▶ [About this task]: Although the records include pictures, the copy should not; write out exactly the lines from the first through the line with "#1=APPLICATION_CONTEXT('core data for".

Records from a collection
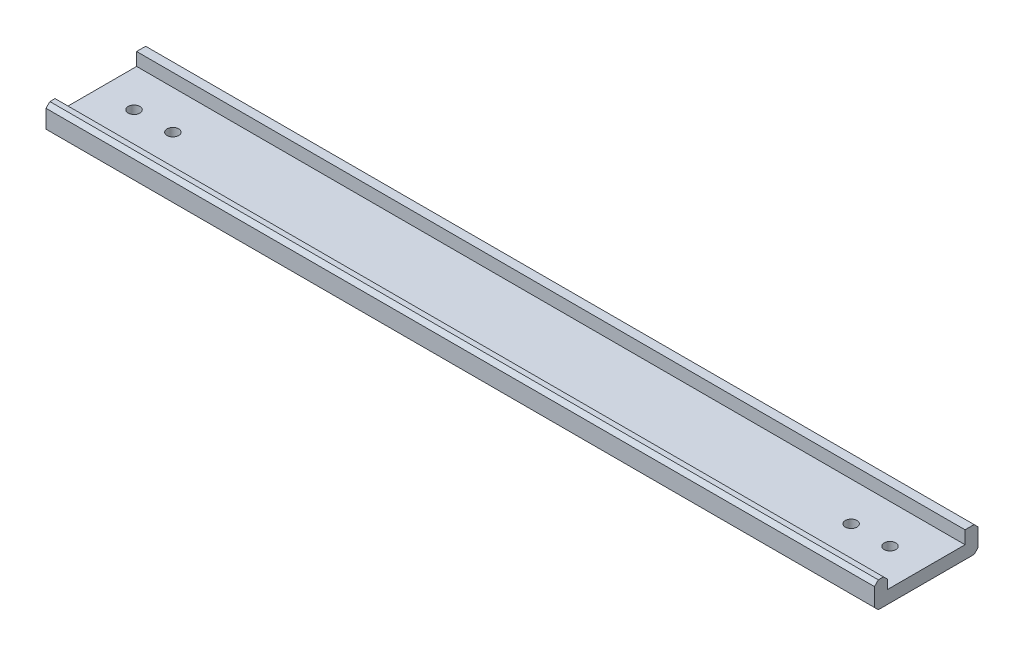
ISO-10303-21;
HEADER;
FILE_DESCRIPTION(('STEP AP214'),'2;1');
FILE_NAME('part.step','',(''),(''),'','','');
FILE_SCHEMA(('AUTOMOTIVE_DESIGN { 1 0 10303 214 1 1 1 1 }'));
ENDSEC;
DATA;
#1=APPLICATION_CONTEXT('core data for automotive mechanical design processes');
#2=APPLICATION_PROTOCOL_DEFINITION('international standard','automotive_design',2000,#1);
#3=PRODUCT_CONTEXT('',#1,'mechanical');
#4=PRODUCT('Part','Part','',(#3));
#5=PRODUCT_RELATED_PRODUCT_CATEGORY('part','',(#4));
#6=PRODUCT_DEFINITION_FORMATION('','',#4);
#7=PRODUCT_DEFINITION_CONTEXT('part definition',#1,'design');
#8=PRODUCT_DEFINITION('design','',#6,#7);
#9=PRODUCT_DEFINITION_SHAPE('','',#8);
#10=(LENGTH_UNIT() NAMED_UNIT(*) SI_UNIT(.MILLI.,.METRE.));
#11=(NAMED_UNIT(*) PLANE_ANGLE_UNIT() SI_UNIT($,.RADIAN.));
#12=(NAMED_UNIT(*) SI_UNIT($,.STERADIAN.) SOLID_ANGLE_UNIT());
#13=UNCERTAINTY_MEASURE_WITH_UNIT(LENGTH_MEASURE(1.E-05),#10,'distance_accuracy_value','');
#14=(GEOMETRIC_REPRESENTATION_CONTEXT(3) GLOBAL_UNCERTAINTY_ASSIGNED_CONTEXT((#13)) GLOBAL_UNIT_ASSIGNED_CONTEXT((#10,
#11,#12)) REPRESENTATION_CONTEXT('',''));
#15=CARTESIAN_POINT('',(0.,0.,0.));
#16=DIRECTION('',(0.,0.,1.));
#17=DIRECTION('',(1.,0.,0.));
#18=AXIS2_PLACEMENT_3D('',#15,#16,#17);
#19=CARTESIAN_POINT('',(160.,5.00000000000001,-15.));
#20=DIRECTION('',(0.,0.,-1.));
#21=DIRECTION('',(0.,1.,0.));
#22=AXIS2_PLACEMENT_3D('',#19,#20,#21);
#23=PLANE('',#22);
#24=DIRECTION('',(0.,-1.,0.));
#25=VECTOR('',#24,1.);
#26=CARTESIAN_POINT('',(-160.,5.00000000000001,-15.));
#27=LINE('',#26,#25);
#28=CARTESIAN_POINT('',(-160.,5.00000000000001,-15.));
#29=VERTEX_POINT('',#28);
#30=CARTESIAN_POINT('',(-160.,0.,-15.));
#31=VERTEX_POINT('',#30);
#32=EDGE_CURVE('E164',#29,#31,#27,.T.);
#33=ORIENTED_EDGE('',*,*,#32,.T.);
#34=DIRECTION('',(-1.,0.,0.));
#35=VECTOR('',#34,1.);
#36=CARTESIAN_POINT('',(160.,0.,-15.));
#37=LINE('',#36,#35);
#38=CARTESIAN_POINT('',(160.,0.,-15.));
#39=VERTEX_POINT('',#38);
#40=EDGE_CURVE('E144',#39,#31,#37,.T.);
#41=ORIENTED_EDGE('',*,*,#40,.F.);
#42=DIRECTION('',(0.,-1.,0.));
#43=VECTOR('',#42,1.);
#44=CARTESIAN_POINT('',(160.,5.00000000000001,-15.));
#45=LINE('',#44,#43);
#46=CARTESIAN_POINT('',(160.,5.00000000000001,-15.));
#47=VERTEX_POINT('',#46);
#48=EDGE_CURVE('E152',#47,#39,#45,.T.);
#49=ORIENTED_EDGE('',*,*,#48,.F.);
#50=DIRECTION('',(-1.,0.,0.));
#51=VECTOR('',#50,1.);
#52=CARTESIAN_POINT('',(160.,5.00000000000001,-15.));
#53=LINE('',#52,#51);
#54=EDGE_CURVE('E172',#47,#29,#53,.T.);
#55=ORIENTED_EDGE('',*,*,#54,.T.);
#56=EDGE_LOOP('',(#33,#41,#49,#55));
#57=FACE_BOUND('',#56,.T.);
#58=ADVANCED_FACE('F40',(#57),#23,.F.);
#59=CARTESIAN_POINT('',(160.,0.,15.));
#60=DIRECTION('',(0.,-1.,0.));
#61=DIRECTION('',(0.,0.,-1.));
#62=AXIS2_PLACEMENT_3D('',#59,#60,#61);
#63=PLANE('',#62);
#64=CARTESIAN_POINT('',(-146.,0.,0.));
#65=DIRECTION('',(0.,1.,0.));
#66=DIRECTION('',(0.,0.,1.));
#67=AXIS2_PLACEMENT_3D('',#64,#65,#66);
#68=CIRCLE('',#67,2.25000000000001);
#69=CARTESIAN_POINT('',(-146.,0.,2.25000000000001));
#70=VERTEX_POINT('',#69);
#71=EDGE_CURVE('E236',#70,#70,#68,.T.);
#72=ORIENTED_EDGE('',*,*,#71,.F.);
#73=EDGE_LOOP('',(#72));
#74=FACE_BOUND('',#73,.T.);
#75=CARTESIAN_POINT('',(-131.,0.,0.));
#76=DIRECTION('',(0.,1.,0.));
#77=DIRECTION('',(0.,0.,1.));
#78=AXIS2_PLACEMENT_3D('',#75,#76,#77);
#79=CIRCLE('',#78,2.25000000000001);
#80=CARTESIAN_POINT('',(-131.,0.,2.25000000000001));
#81=VERTEX_POINT('',#80);
#82=EDGE_CURVE('E303',#81,#81,#79,.T.);
#83=ORIENTED_EDGE('',*,*,#82,.F.);
#84=EDGE_LOOP('',(#83));
#85=FACE_BOUND('',#84,.T.);
#86=CARTESIAN_POINT('',(131.,0.,0.));
#87=DIRECTION('',(0.,1.,0.));
#88=DIRECTION('',(0.,0.,1.));
#89=AXIS2_PLACEMENT_3D('',#86,#87,#88);
#90=CIRCLE('',#89,2.25000000000001);
#91=CARTESIAN_POINT('',(131.,0.,2.24999999999996));
#92=VERTEX_POINT('',#91);
#93=EDGE_CURVE('E299',#92,#92,#90,.T.);
#94=ORIENTED_EDGE('',*,*,#93,.F.);
#95=EDGE_LOOP('',(#94));
#96=FACE_BOUND('',#95,.T.);
#97=CARTESIAN_POINT('',(146.,0.,0.));
#98=DIRECTION('',(0.,1.,0.));
#99=DIRECTION('',(0.,0.,1.));
#100=AXIS2_PLACEMENT_3D('',#97,#98,#99);
#101=CIRCLE('',#100,2.25000000000001);
#102=CARTESIAN_POINT('',(146.,0.,2.24999999999996));
#103=VERTEX_POINT('',#102);
#104=EDGE_CURVE('E295',#103,#103,#101,.T.);
#105=ORIENTED_EDGE('',*,*,#104,.F.);
#106=EDGE_LOOP('',(#105));
#107=FACE_BOUND('',#106,.T.);
#108=DIRECTION('',(0.,0.,1.));
#109=VECTOR('',#108,1.);
#110=CARTESIAN_POINT('',(-160.,0.,15.));
#111=LINE('',#110,#109);
#112=CARTESIAN_POINT('',(-160.,0.,15.));
#113=VERTEX_POINT('',#112);
#114=EDGE_CURVE('E249',#31,#113,#111,.T.);
#115=ORIENTED_EDGE('',*,*,#114,.T.);
#116=DIRECTION('',(-1.,0.,0.));
#117=VECTOR('',#116,1.);
#118=CARTESIAN_POINT('',(160.,0.,15.));
#119=LINE('',#118,#117);
#120=CARTESIAN_POINT('',(160.,0.,15.));
#121=VERTEX_POINT('',#120);
#122=EDGE_CURVE('E147',#121,#113,#119,.T.);
#123=ORIENTED_EDGE('',*,*,#122,.F.);
#124=DIRECTION('',(0.,0.,1.));
#125=VECTOR('',#124,1.);
#126=CARTESIAN_POINT('',(160.,0.,15.));
#127=LINE('',#126,#125);
#128=EDGE_CURVE('E140',#39,#121,#127,.T.);
#129=ORIENTED_EDGE('',*,*,#128,.F.);
#130=ORIENTED_EDGE('',*,*,#40,.T.);
#131=EDGE_LOOP('',(#115,#123,#129,#130));
#132=FACE_BOUND('',#131,.T.);
#133=ADVANCED_FACE('F142',(#74,#85,#96,#107,#132),#63,.F.);
#134=CARTESIAN_POINT('',(160.,0.,15.));
#135=DIRECTION('',(0.,0.,1.));
#136=DIRECTION('',(1.,0.,0.));
#137=AXIS2_PLACEMENT_3D('',#134,#135,#136);
#138=PLANE('',#137);
#139=DIRECTION('',(0.,1.,0.));
#140=VECTOR('',#139,1.);
#141=CARTESIAN_POINT('',(-160.,0.,15.));
#142=LINE('',#141,#140);
#143=CARTESIAN_POINT('',(-160.,3.5,15.));
#144=VERTEX_POINT('',#143);
#145=EDGE_CURVE('E252',#113,#144,#142,.T.);
#146=ORIENTED_EDGE('',*,*,#145,.T.);
#147=DIRECTION('',(1.,0.,0.));
#148=VECTOR('',#147,1.);
#149=CARTESIAN_POINT('',(160.,3.5,15.));
#150=LINE('',#149,#148);
#151=CARTESIAN_POINT('',(160.,3.5,15.));
#152=VERTEX_POINT('',#151);
#153=EDGE_CURVE('E194',#144,#152,#150,.T.);
#154=ORIENTED_EDGE('',*,*,#153,.T.);
#155=DIRECTION('',(0.,1.,0.));
#156=VECTOR('',#155,1.);
#157=CARTESIAN_POINT('',(160.,0.,15.));
#158=LINE('',#157,#156);
#159=EDGE_CURVE('E151',#121,#152,#158,.T.);
#160=ORIENTED_EDGE('',*,*,#159,.F.);
#161=ORIENTED_EDGE('',*,*,#122,.T.);
#162=EDGE_LOOP('',(#146,#154,#160,#161));
#163=FACE_BOUND('',#162,.T.);
#164=ADVANCED_FACE('F316',(#163),#138,.F.);
#165=CARTESIAN_POINT('',(160.,5.,15.));
#166=DIRECTION('',(0.,-1.,0.));
#167=DIRECTION('',(0.,0.,-1.));
#168=AXIS2_PLACEMENT_3D('',#165,#166,#167);
#169=PLANE('',#168);
#170=DIRECTION('',(0.,0.,1.));
#171=VECTOR('',#170,1.);
#172=CARTESIAN_POINT('',(160.,5.,15.));
#173=LINE('',#172,#171);
#174=CARTESIAN_POINT('',(160.,5.,16.5));
#175=VERTEX_POINT('',#174);
#176=CARTESIAN_POINT('',(160.,5.,18.5));
#177=VERTEX_POINT('',#176);
#178=EDGE_CURVE('E289',#175,#177,#173,.T.);
#179=ORIENTED_EDGE('',*,*,#178,.F.);
#180=DIRECTION('',(-1.,0.,0.));
#181=VECTOR('',#180,1.);
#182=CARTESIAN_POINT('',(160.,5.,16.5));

▶ [Solution for this task]:
ISO-10303-21;
HEADER;
FILE_DESCRIPTION(('STEP AP214'),'2;1');
FILE_NAME('part.step','',(''),(''),'','','');
FILE_SCHEMA(('AUTOMOTIVE_DESIGN { 1 0 10303 214 1 1 1 1 }'));
ENDSEC;
DATA;
#1=APPLICATION_CONTEXT('core data for automotive mechanical design processes');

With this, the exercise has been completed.